Now let's pretend the computer is taking exactly as long as it should, so 5000:
When this happens, the scalar is set to 1.0:
angle = (Math.PI * 2) * scalar;
angle = (Math.PI * 2) * 1;
angle = (Math.PI * 2) // which is 1 rotation
When we do this, everything is timsed by 1, so nothing is changed. We'd get the same result if we weren't using delta time at all!
My questions are as follows
Mostly importantly, have I got the right end of the stick here?
How do we know to set the duration to 5000 ? Or can it be any
number?
I'm a bit vague about the "computer going too quickly".
Is there a way loop less often rather than reduce the animation
steps?

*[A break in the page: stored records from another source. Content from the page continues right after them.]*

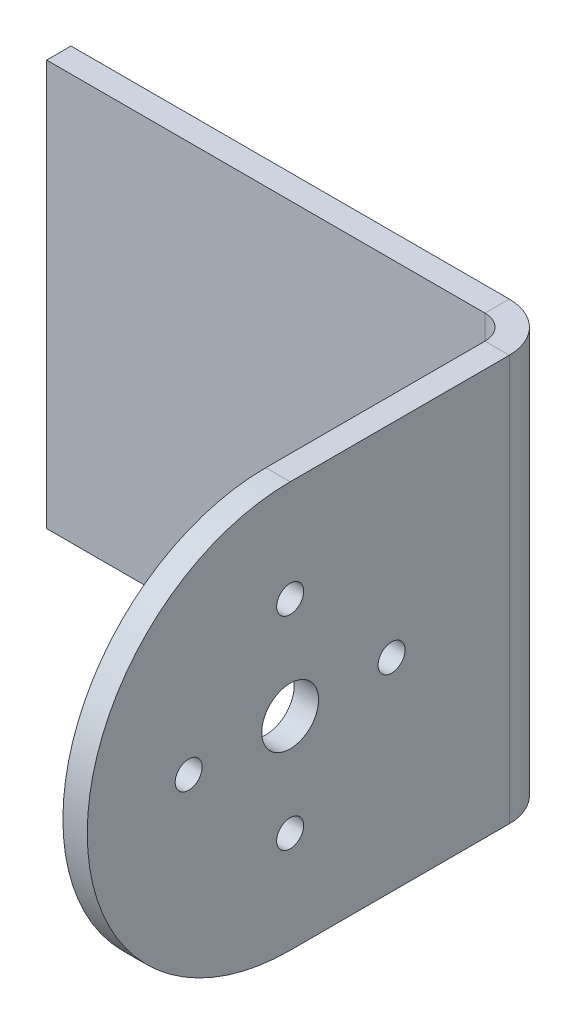
ISO-10303-21;
HEADER;
FILE_DESCRIPTION(('STEP AP214'),'2;1');
FILE_NAME('part.step','',(''),(''),'','','');
FILE_SCHEMA(('AUTOMOTIVE_DESIGN { 1 0 10303 214 1 1 1 1 }'));
ENDSEC;
DATA;
#1=APPLICATION_CONTEXT('core data for automotive mechanical design processes');
#2=APPLICATION_PROTOCOL_DEFINITION('international standard','automotive_design',2000,#1);
#3=PRODUCT_CONTEXT('',#1,'mechanical');
#4=PRODUCT('Part','Part','',(#3));
#5=PRODUCT_RELATED_PRODUCT_CATEGORY('part','',(#4));
#6=PRODUCT_DEFINITION_FORMATION('','',#4);
#7=PRODUCT_DEFINITION_CONTEXT('part definition',#1,'design');
#8=PRODUCT_DEFINITION('design','',#6,#7);
#9=PRODUCT_DEFINITION_SHAPE('','',#8);
#10=(LENGTH_UNIT() NAMED_UNIT(*) SI_UNIT(.MILLI.,.METRE.));
#11=(NAMED_UNIT(*) PLANE_ANGLE_UNIT() SI_UNIT($,.RADIAN.));
#12=(NAMED_UNIT(*) SI_UNIT($,.STERADIAN.) SOLID_ANGLE_UNIT());
#13=UNCERTAINTY_MEASURE_WITH_UNIT(LENGTH_MEASURE(1.E-05),#10,'distance_accuracy_value','');
#14=(GEOMETRIC_REPRESENTATION_CONTEXT(3) GLOBAL_UNCERTAINTY_ASSIGNED_CONTEXT((#13)) GLOBAL_UNIT_ASSIGNED_CONTEXT((#10,
#11,#12)) REPRESENTATION_CONTEXT('',''));
#15=CARTESIAN_POINT('',(0.,0.,0.));
#16=DIRECTION('',(0.,0.,1.));
#17=DIRECTION('',(1.,0.,0.));
#18=AXIS2_PLACEMENT_3D('',#15,#16,#17);
#19=CARTESIAN_POINT('',(30.0000000000002,25.,57.));
#20=DIRECTION('',(0.,-1.,0.));
#21=DIRECTION('',(0.,0.,-1.));
#22=AXIS2_PLACEMENT_3D('',#19,#20,#21);
#23=PLANE('',#22);
#24=DIRECTION('',(1.,0.,0.));
#25=VECTOR('',#24,1.);
#26=CARTESIAN_POINT('',(20.0000000000001,25.,30.));
#27=LINE('',#26,#25);
#28=CARTESIAN_POINT('',(27.0000000000001,25.,30.));
#29=VERTEX_POINT('',#28);
#30=CARTESIAN_POINT('',(30.0000000000001,25.,30.));
#31=VERTEX_POINT('',#30);
#32=EDGE_CURVE('E81',#29,#31,#27,.T.);
#33=ORIENTED_EDGE('',*,*,#32,.T.);
#34=DIRECTION('',(0.,0.,1.));
#35=VECTOR('',#34,1.);
#36=CARTESIAN_POINT('',(30.,25.,-1.14557852575138E-13));
#37=LINE('',#36,#35);
#38=CARTESIAN_POINT('',(30.,25.,2.99999999999998));
#39=VERTEX_POINT('',#38);
#40=EDGE_CURVE('E142',#39,#31,#37,.T.);
#41=ORIENTED_EDGE('',*,*,#40,.F.);
#42=DIRECTION('',(-1.,0.,0.));
#43=VECTOR('',#42,1.);
#44=CARTESIAN_POINT('',(27.,25.,2.99999999999999));
#45=LINE('',#44,#43);
#46=CARTESIAN_POINT('',(27.,25.,2.99999999999999));
#47=VERTEX_POINT('',#46);
#48=EDGE_CURVE('E158',#47,#39,#45,.F.);
#49=ORIENTED_EDGE('',*,*,#48,.F.);
#50=DIRECTION('',(0.,0.,-1.));
#51=VECTOR('',#50,1.);
#52=CARTESIAN_POINT('',(27.0000000000002,25.,57.));
#53=LINE('',#52,#51);
#54=EDGE_CURVE('E144',#47,#29,#53,.F.);
#55=ORIENTED_EDGE('',*,*,#54,.T.);
#56=EDGE_LOOP('',(#33,#41,#49,#55));
#57=FACE_BOUND('',#56,.T.);
#58=ADVANCED_FACE('F65',(#57),#23,.F.);
#59=CARTESIAN_POINT('',(30.,25.,-3.));
#60=DIRECTION('',(0.,1.,0.));
#61=DIRECTION('',(-1.,0.,0.));
#62=AXIS2_PLACEMENT_3D('',#59,#60,#61);
#63=PLANE('',#62);
#64=DIRECTION('',(-1.,0.,0.));
#65=VECTOR('',#64,1.);
#66=CARTESIAN_POINT('',(30.,25.,0.));
#67=LINE('',#66,#65);
#68=CARTESIAN_POINT('',(24.,25.,0.));
#69=VERTEX_POINT('',#68);
#70=CARTESIAN_POINT('',(-30.,25.,0.));
#71=VERTEX_POINT('',#70);
#72=EDGE_CURVE('E190',#69,#71,#67,.T.);
#73=ORIENTED_EDGE('',*,*,#72,.F.);
#74=DIRECTION('',(0.,0.,-1.));
#75=VECTOR('',#74,1.);
#76=CARTESIAN_POINT('',(24.,25.,0.));
#77=LINE('',#76,#75);
#78=CARTESIAN_POINT('',(24.,25.,-3.));
#79=VERTEX_POINT('',#78);
#80=EDGE_CURVE('E171',#69,#79,#77,.T.);
#81=ORIENTED_EDGE('',*,*,#80,.T.);
#82=DIRECTION('',(-1.,0.,0.));
#83=VECTOR('',#82,1.);
#84=CARTESIAN_POINT('',(30.,25.,-3.));
#85=LINE('',#84,#83);
#86=CARTESIAN_POINT('',(-30.,25.,-3.));
#87=VERTEX_POINT('',#86);
#88=EDGE_CURVE('E193',#79,#87,#85,.T.);
#89=ORIENTED_EDGE('',*,*,#88,.T.);
#90=DIRECTION('',(0.,0.,1.));
#91=VECTOR('',#90,1.);
#92=CARTESIAN_POINT('',(-30.,25.,-3.));
#93=LINE('',#92,#91);
#94=EDGE_CURVE('E74',#87,#71,#93,.T.);
#95=ORIENTED_EDGE('',*,*,#94,.T.);
#96=EDGE_LOOP('',(#73,#81,#89,#95));
#97=FACE_BOUND('',#96,.T.);
#98=ADVANCED_FACE('F281',(#97),#63,.T.);
#99=CARTESIAN_POINT('',(0.,0.,-3.));
#100=DIRECTION('',(0.,0.,-1.));
#101=DIRECTION('',(-1.,0.,0.));
#102=AXIS2_PLACEMENT_3D('',#99,#100,#101);
#103=PLANE('',#102);
#104=ORIENTED_EDGE('',*,*,#88,.F.);
#105=DIRECTION('',(0.,1.,0.));
#106=VECTOR('',#105,1.);
#107=CARTESIAN_POINT('',(24.,25.,-3.));
#108=LINE('',#107,#106);
#109=CARTESIAN_POINT('',(24.,-25.,-3.));
#110=VERTEX_POINT('',#109);
#111=EDGE_CURVE('E166',#79,#110,#108,.F.);
#112=ORIENTED_EDGE('',*,*,#111,.T.);
#113=DIRECTION('',(1.,0.,0.));
#114=VECTOR('',#113,1.);
#115=CARTESIAN_POINT('',(30.,-25.,-3.));
#116=LINE('',#115,#114);
#117=CARTESIAN_POINT('',(-30.,-25.,-3.));
#118=VERTEX_POINT('',#117);
#119=EDGE_CURVE('E189',#118,#110,#116,.T.);
#120=ORIENTED_EDGE('',*,*,#119,.F.);
#121=DIRECTION('',(0.,-1.,0.));
#122=VECTOR('',#121,1.);
#123=CARTESIAN_POINT('',(-30.,25.,-3.));
#124=LINE('',#123,#122);
#125=EDGE_CURVE('E186',#87,#118,#124,.T.);
#126=ORIENTED_EDGE('',*,*,#125,.F.);
#127=EDGE_LOOP('',(#104,#112,#120,#126));
#128=FACE_BOUND('',#127,.T.);
#129=ADVANCED_FACE('F288',(#128),#103,.T.);
#130=CARTESIAN_POINT('',(0.,0.,0.));
#131=DIRECTION('',(0.,0.,-1.));
#132=DIRECTION('',(-1.,0.,0.));
#133=AXIS2_PLACEMENT_3D('',#130,#131,#132);
#134=PLANE('',#133);
#135=DIRECTION('',(0.,1.,0.));
#136=VECTOR('',#135,1.);
#137=CARTESIAN_POINT('',(24.,25.,0.));
#138=LINE('',#137,#136);
#139=CARTESIAN_POINT('',(24.,-25.,0.));
#140=VERTEX_POINT('',#139);
#141=EDGE_CURVE('E177',#69,#140,#138,.F.);
#142=ORIENTED_EDGE('',*,*,#141,.F.);
#143=ORIENTED_EDGE('',*,*,#72,.T.);
#144=DIRECTION('',(0.,-1.,0.));
#145=VECTOR('',#144,1.);
#146=CARTESIAN_POINT('',(-30.,25.,0.));
#147=LINE('',#146,#145);
#148=CARTESIAN_POINT('',(-30.,-25.,0.));
#149=VERTEX_POINT('',#148);
#150=EDGE_CURVE('E183',#71,#149,#147,.T.);
#151=ORIENTED_EDGE('',*,*,#150,.T.);
#152=DIRECTION('',(1.,0.,0.));
#153=VECTOR('',#152,1.);
#154=CARTESIAN_POINT('',(30.,-25.,0.));
#155=LINE('',#154,#153);
#156=EDGE_CURVE('E198',#149,#140,#155,.T.);
#157=ORIENTED_EDGE('',*,*,#156,.T.);
#158=EDGE_LOOP('',(#142,#143,#151,#157));
#159=FACE_BOUND('',#158,.T.);
#160=ADVANCED_FACE('F310',(#159),#134,.F.);
#161=CARTESIAN_POINT('',(-30.,25.,-3.));
#162=DIRECTION('',(-1.,0.,0.));
#163=DIRECTION('',(0.,-1.,0.));
#164=AXIS2_PLACEMENT_3D('',#161,#162,#163);
#165=PLANE('',#164);
#166=ORIENTED_EDGE('',*,*,#150,.F.);
#167=ORIENTED_EDGE('',*,*,#94,.F.);
#168=ORIENTED_EDGE('',*,*,#125,.T.);
#169=DIRECTION('',(0.,0.,1.));
#170=VECTOR('',#169,1.);
#171=CARTESIAN_POINT('',(-30.,-25.,-3.));
#172=LINE('',#171,#170);
#173=EDGE_CURVE('E195',#118,#149,#172,.T.);
#174=ORIENTED_EDGE('',*,*,#173,.T.);
#175=EDGE_LOOP('',(#166,#167,#168,#174));
#176=FACE_BOUND('',#175,.T.);
#177=ADVANCED_FACE('F67',(#176),#165,.T.);
#178=CARTESIAN_POINT('',(30.,-25.,-3.));
#179=DIRECTION('',(0.,-1.,0.));
#180=DIRECTION('',(1.,0.,0.));
#181=AXIS2_PLACEMENT_3D('',#178,#179,#180);
#182=PLANE('',#181);
#183=DIRECTION('',(0.,0.,-1.));
#184=VECTOR('',#183,1.);
#185=CARTESIAN_POINT('',(24.,-25.,0.));
#186=LINE('',#185,#184);
#187=EDGE_CURVE('E181',#140,#110,#186,.T.);
#188=ORIENTED_EDGE('',*,*,#187,.F.);
#189=ORIENTED_EDGE('',*,*,#156,.F.);
#190=ORIENTED_EDGE('',*,*,#173,.F.);
#191=ORIENTED_EDGE('',*,*,#119,.T.);
#192=EDGE_LOOP('',(#188,#189,#190,#191));
#193=FACE_BOUND('',#192,.T.);
#194=ADVANCED_FACE('F303',(#193),#182,.T.);
#195=CARTESIAN_POINT('',(24.,-25.,3.));
#196=DIRECTION('',(0.,-1.,0.));
#197=DIRECTION('',(0.,0.,-1.));
#198=AXIS2_PLACEMENT_3D('',#195,#196,#197);
#199=PLANE('',#198);
#200=DIRECTION('',(-1.,0.,0.));
#201=VECTOR('',#200,1.);
#202=CARTESIAN_POINT('',(30.,-25.,2.99999999999998));
#203=LINE('',#202,#201);
#204=CARTESIAN_POINT('',(27.,-25.,2.99999999999999));
#205=VERTEX_POINT('',#204);
#206=CARTESIAN_POINT('',(30.,-25.,2.99999999999998));
#207=VERTEX_POINT('',#206);
#208=EDGE_CURVE('E163',#205,#207,#203,.F.);
#209=ORIENTED_EDGE('',*,*,#208,.F.);
#210=CARTESIAN_POINT('',(24.,-25.,3.));
#211=DIRECTION('',(0.,1.,0.));
#212=DIRECTION('',(0.,0.,1.));
#213=AXIS2_PLACEMENT_3D('',#210,#211,#212);
#214=CIRCLE('',#213,3.);
#215=EDGE_CURVE('E174',#140,#205,#214,.F.);
#216=ORIENTED_EDGE('',*,*,#215,.F.);
#217=ORIENTED_EDGE('',*,*,#187,.T.);
#218=CARTESIAN_POINT('',(24.,-25.,3.));
#219=DIRECTION('',(0.,1.,0.));
#220=DIRECTION('',(0.,0.,1.));
#221=AXIS2_PLACEMENT_3D('',#218,#219,#220);
#222=CIRCLE('',#221,6.);
#223=EDGE_CURVE('E89',#110,#207,#222,.F.);
#224=ORIENTED_EDGE('',*,*,#223,.T.);
#225=EDGE_LOOP('',(#209,#216,#217,#224));
#226=FACE_BOUND('',#225,.T.);
#227=ADVANCED_FACE('F300',(#226),#199,.T.);
#228=CARTESIAN_POINT('',(24.,25.,3.));
#229=DIRECTION('',(0.,-1.,0.));
#230=DIRECTION('',(0.,0.,-1.));
#231=AXIS2_PLACEMENT_3D('',#228,#229,#230);
#232=PLANE('',#231);
#233=CARTESIAN_POINT('',(24.,25.,3.));
#234=DIRECTION('',(0.,1.,0.));
#235=DIRECTION('',(0.,0.,1.));
#236=AXIS2_PLACEMENT_3D('',#233,#234,#235);
#237=CIRCLE('',#236,3.);
#238=EDGE_CURVE('E152',#47,#69,#237,.T.);
#239=ORIENTED_EDGE('',*,*,#238,.F.);
#240=ORIENTED_EDGE('',*,*,#48,.T.);
#241=CARTESIAN_POINT('',(24.,25.,3.));
#242=DIRECTION('',(0.,1.,0.));
#243=DIRECTION('',(0.,0.,1.));
#244=AXIS2_PLACEMENT_3D('',#241,#242,#243);
#245=CIRCLE('',#244,6.);
#246=EDGE_CURVE('E169',#39,#79,#245,.T.);
#247=ORIENTED_EDGE('',*,*,#246,.T.);
#248=ORIENTED_EDGE('',*,*,#80,.F.);
#249=EDGE_LOOP('',(#239,#240,#247,#248));
#250=FACE_BOUND('',#249,.T.);
#251=ADVANCED_FACE('F297',(#250),#232,.F.);
#252=CARTESIAN_POINT('',(24.,25.,3.));
#253=DIRECTION('',(0.,1.,0.));
#254=DIRECTION('',(1.,0.,0.));
#255=AXIS2_PLACEMENT_3D('',#252,#253,#254);
#256=CYLINDRICAL_SURFACE('',#255,6.);
#257=ORIENTED_EDGE('',*,*,#111,.F.);
#258=ORIENTED_EDGE('',*,*,#246,.F.);
#259=DIRECTION('',(0.,1.,0.));
#260=VECTOR('',#259,1.);
#261=CARTESIAN_POINT('',(30.,-25.,2.99999999999998));
#262=LINE('',#261,#260);
#263=EDGE_CURVE('E148',#39,#207,#262,.F.);
#264=ORIENTED_EDGE('',*,*,#263,.T.);
#265=ORIENTED_EDGE('',*,*,#223,.F.);
#266=EDGE_LOOP('',(#257,#258,#264,#265));
#267=FACE_BOUND('',#266,.T.);
#268=ADVANCED_FACE('F293',(#267),#256,.T.);
#269=CARTESIAN_POINT('',(24.,25.,3.));
#270=DIRECTION('',(0.,1.,0.));
#271=DIRECTION('',(1.,0.,0.));
#272=AXIS2_PLACEMENT_3D('',#269,#270,#271);
#273=CYLINDRICAL_SURFACE('',#272,3.);
#274=ORIENTED_EDGE('',*,*,#141,.T.);
#275=ORIENTED_EDGE('',*,*,#215,.T.);
#276=DIRECTION('',(0.,1.,0.));
#277=VECTOR('',#276,1.);
#278=CARTESIAN_POINT('',(27.,-25.,2.99999999999999));
#279=LINE('',#278,#277);
#280=EDGE_CURVE('E161',#205,#47,#279,.T.);
#281=ORIENTED_EDGE('',*,*,#280,.T.);
#282=ORIENTED_EDGE('',*,*,#238,.T.);
#283=EDGE_LOOP('',(#274,#275,#281,#282));
#284=FACE_BOUND('',#283,.T.);
#285=ADVANCED_FACE('F296',(#284),#273,.F.);
#286=CARTESIAN_POINT('',(30.,-25.,0.));
#287=DIRECTION('',(0.,1.,0.));
#288=DIRECTION('',(0.,0.,1.));
#289=AXIS2_PLACEMENT_3D('',#286,#287,#288);
#290=PLANE('',#289);
#291=DIRECTION('',(0.,0.,-1.));
#292=VECTOR('',#291,1.);
#293=CARTESIAN_POINT('',(30.,-25.,-1.14557852575138E-13));
#294=LINE('',#293,#292);
#295=CARTESIAN_POINT('',(30.0000000000001,-25.,30.));
#296=VERTEX_POINT('',#295);
#297=EDGE_CURVE('E149',#296,#207,#294,.T.);
#298=ORIENTED_EDGE('',*,*,#297,.F.);
#299=DIRECTION('',(1.,0.,0.));
#300=VECTOR('',#299,1.);
#301=CARTESIAN_POINT('',(20.0000000000001,-25.,30.));
#302=LINE('',#301,#300);
#303=CARTESIAN_POINT('',(27.0000000000002,-25.,30.));
#304=VERTEX_POINT('',#303);
#305=EDGE_CURVE('E133',#304,#296,#302,.T.);
#306=ORIENTED_EDGE('',*,*,#305,.F.);
#307=DIRECTION('',(0.,0.,1.));
#308=VECTOR('',#307,1.);
#309=CARTESIAN_POINT('',(27.,-25.,0.));
#310=LINE('',#309,#308);
#311=EDGE_CURVE('E150',#304,#205,#310,.F.);
#312=ORIENTED_EDGE('',*,*,#311,.T.);
#313=ORIENTED_EDGE('',*,*,#208,.T.);
#314=EDGE_LOOP('',(#298,#306,#312,#313));
#315=FACE_BOUND('',#314,.T.);
#316=ADVANCED_FACE('F238',(#315),#290,.F.);
#317=CARTESIAN_POINT('',(30.,0.,-1.14557852575138E-13));
#318=DIRECTION('',(-1.,0.,0.));
#319=DIRECTION('',(0.,0.,1.));
#320=AXIS2_PLACEMENT_3D('',#317,#318,#319);
#321=PLANE('',#320);
#322=CARTESIAN_POINT('',(30.0000000000001,12.5,30.));
#323=DIRECTION('',(1.,0.,0.));
#324=DIRECTION('',(0.,0.,-1.));
#325=AXIS2_PLACEMENT_3D('',#322,#323,#324);
#326=CIRCLE('',#325,1.665);
#327=CARTESIAN_POINT('',(30.0000000000001,12.5,28.335));
#328=VERTEX_POINT('',#327);
#329=EDGE_CURVE('E244',#328,#328,#326,.T.);
#330=ORIENTED_EDGE('',*,*,#329,.F.);
#331=EDGE_LOOP('',(#330));
#332=FACE_BOUND('',#331,.T.);
#333=CARTESIAN_POINT('',(30.0000000000002,0.,42.5));
#334=DIRECTION('',(1.,0.,0.));
#335=DIRECTION('',(0.,0.,-1.));
#336=AXIS2_PLACEMENT_3D('',#333,#334,#335);
#337=CIRCLE('',#336,1.665);
#338=CARTESIAN_POINT('',(30.0000000000002,0.,40.835));
#339=VERTEX_POINT('',#338);
#340=EDGE_CURVE('E245',#339,#339,#337,.T.);
#341=ORIENTED_EDGE('',*,*,#340,.F.);
#342=EDGE_LOOP('',(#341));
#343=FACE_BOUND('',#342,.T.);
#344=CARTESIAN_POINT('',(30.0000000000001,-12.5,30.));
#345=DIRECTION('',(1.,0.,0.));
#346=DIRECTION('',(0.,0.,1.));
#347=AXIS2_PLACEMENT_3D('',#344,#345,#346);
#348=CIRCLE('',#347,1.665);
#349=CARTESIAN_POINT('',(30.0000000000001,-12.5,31.665));
#350=VERTEX_POINT('',#349);
#351=EDGE_CURVE('E248',#350,#350,#348,.T.);
#352=ORIENTED_EDGE('',*,*,#351,.F.);
#353=EDGE_LOOP('',(#352));
#354=FACE_BOUND('',#353,.T.);
#355=CARTESIAN_POINT('',(30.0000000000001,0.,17.5));
#356=DIRECTION('',(1.,0.,0.));
#357=DIRECTION('',(0.,0.,1.));
#358=AXIS2_PLACEMENT_3D('',#355,#356,#357);
#359=CIRCLE('',#358,1.665);
#360=CARTESIAN_POINT('',(30.0000000000001,0.,19.165));
#361=VERTEX_POINT('',#360);
#362=EDGE_CURVE('E251',#361,#361,#359,.T.);
#363=ORIENTED_EDGE('',*,*,#362,.F.);
#364=EDGE_LOOP('',(#363));
#365=FACE_BOUND('',#364,.T.);
#366=CARTESIAN_POINT('',(30.0000000000001,0.,30.));
#367=DIRECTION('',(1.,0.,0.));
#368=DIRECTION('',(0.,0.,-1.));
#369=AXIS2_PLACEMENT_3D('',#366,#367,#368);
#370=CIRCLE('',#369,3.5);
#371=CARTESIAN_POINT('',(30.0000000000001,0.,26.5));
#372=VERTEX_POINT('',#371);
#373=EDGE_CURVE('E209',#372,#372,#370,.T.);
#374=ORIENTED_EDGE('',*,*,#373,.F.);
#375=EDGE_LOOP('',(#374));
#376=FACE_BOUND('',#375,.T.);
#377=ORIENTED_EDGE('',*,*,#40,.T.);
#378=CARTESIAN_POINT('',(30.0000000000001,0.,30.));
#379=DIRECTION('',(-1.,0.,0.));
#380=DIRECTION('',(0.,0.,-1.));
#381=AXIS2_PLACEMENT_3D('',#378,#379,#380);
#382=CIRCLE('',#381,25.);
#383=EDGE_CURVE('E130',#296,#31,#382,.T.);
#384=ORIENTED_EDGE('',*,*,#383,.F.);
#385=ORIENTED_EDGE('',*,*,#297,.T.);
#386=ORIENTED_EDGE('',*,*,#263,.F.);
#387=EDGE_LOOP('',(#377,#384,#385,#386));
#388=FACE_BOUND('',#387,.T.);
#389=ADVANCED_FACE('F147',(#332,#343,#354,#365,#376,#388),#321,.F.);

Seems like a better idea.
Using this method, do all of our animations need to be timesed by the scalar? Do we have to hunt down every last one and times it?
Is this the best way to implement delta time? I think not, due to the fact the computer can go nuts and all we do is divide each animation step and because we need to hunt down every step and times it by the scalar. Not a very nice DSL, as it were.
So what is the best way to implement delta time?
Below is one way that I do not really get but may be a better way to implement delta time. Could someone explain please?
// Globals
INV_MAX_FPS = 1 / 60;
frameDelta = 0;
clock = new THREE.Clock();
// In the animation loop (the requestAnimationFrame callback)…
frameDelta += clock.getDelta(); // API: "Get the seconds passed since the last call to this method."
while (frameDelta >= INV_MAX_FPS) {
update(INV_MAX_FPS); // calculate physics
frameDelta -= INV_MAX_FPS;
}
How I think this works:
Firstly we set INV_MAX_FPS to 0.01666666666 How we will use this number number does not jump out at me. We then intialize a frameDelta which stores how long the last loop took to run.
Come the first loop frameDelta is not greater than INV_MAX_FPS so the loop is not run (0 = 0.01666666666). So nothing happens.
Now I really don't know what would cause this to happen, but let's pretend that the loop we just went through took 2 seconds to complete:
We set frameDelta to 2:
frameDelta += clock.getDelta();
frameDelta += 2.00
Now we run an animation thanks to update(0.01666666666). Again what is relevance of 0.01666666666?? And then we take away 0.01666666666 from the frameDelta:
frameDelta -= INV_MAX_FPS;
frameDelta = frameDelta - INV_MAX_FPS;
frameDelta = 2 - 0.01666666666
frameDelta = 1.98333333334
So let's go into the second loop. Let's say it took 2(? Why not 2? Or 12? I am a bit confused):
frameDelta += clock.getDelta();
frameDelta = frameDelta + clock.getDelta();
frameDelta = 1.98333333334 + 2
frameDelta = 3.98333333334
This time we enter the while loop because 3.98333333334 = 0.01666666666
We run update
We take away 0.01666666666 from frameDelta again:
frameDelta -= INV_MAX_FPS;
frameDelta = frameDelta - INV_MAX_FPS;
frameDelta = 3.98333333334 - 0.01666666666
frameDelta = 3.96666666668
Now let's pretend the loop is super quick and runs in just 0.1 seconds and continues to do this. (Because the computer isn't busy any more). Basically, the update function will be run, and every loop we take away 0.01666666666 from the frameDelta untill the frameDelta is less than 0.01666666666.
And then nothing happens until the computer runs slowly again? Could someone shed some light please? Does the update() update the scalar or something like that and we still have to times everything by the scalar like in the first example?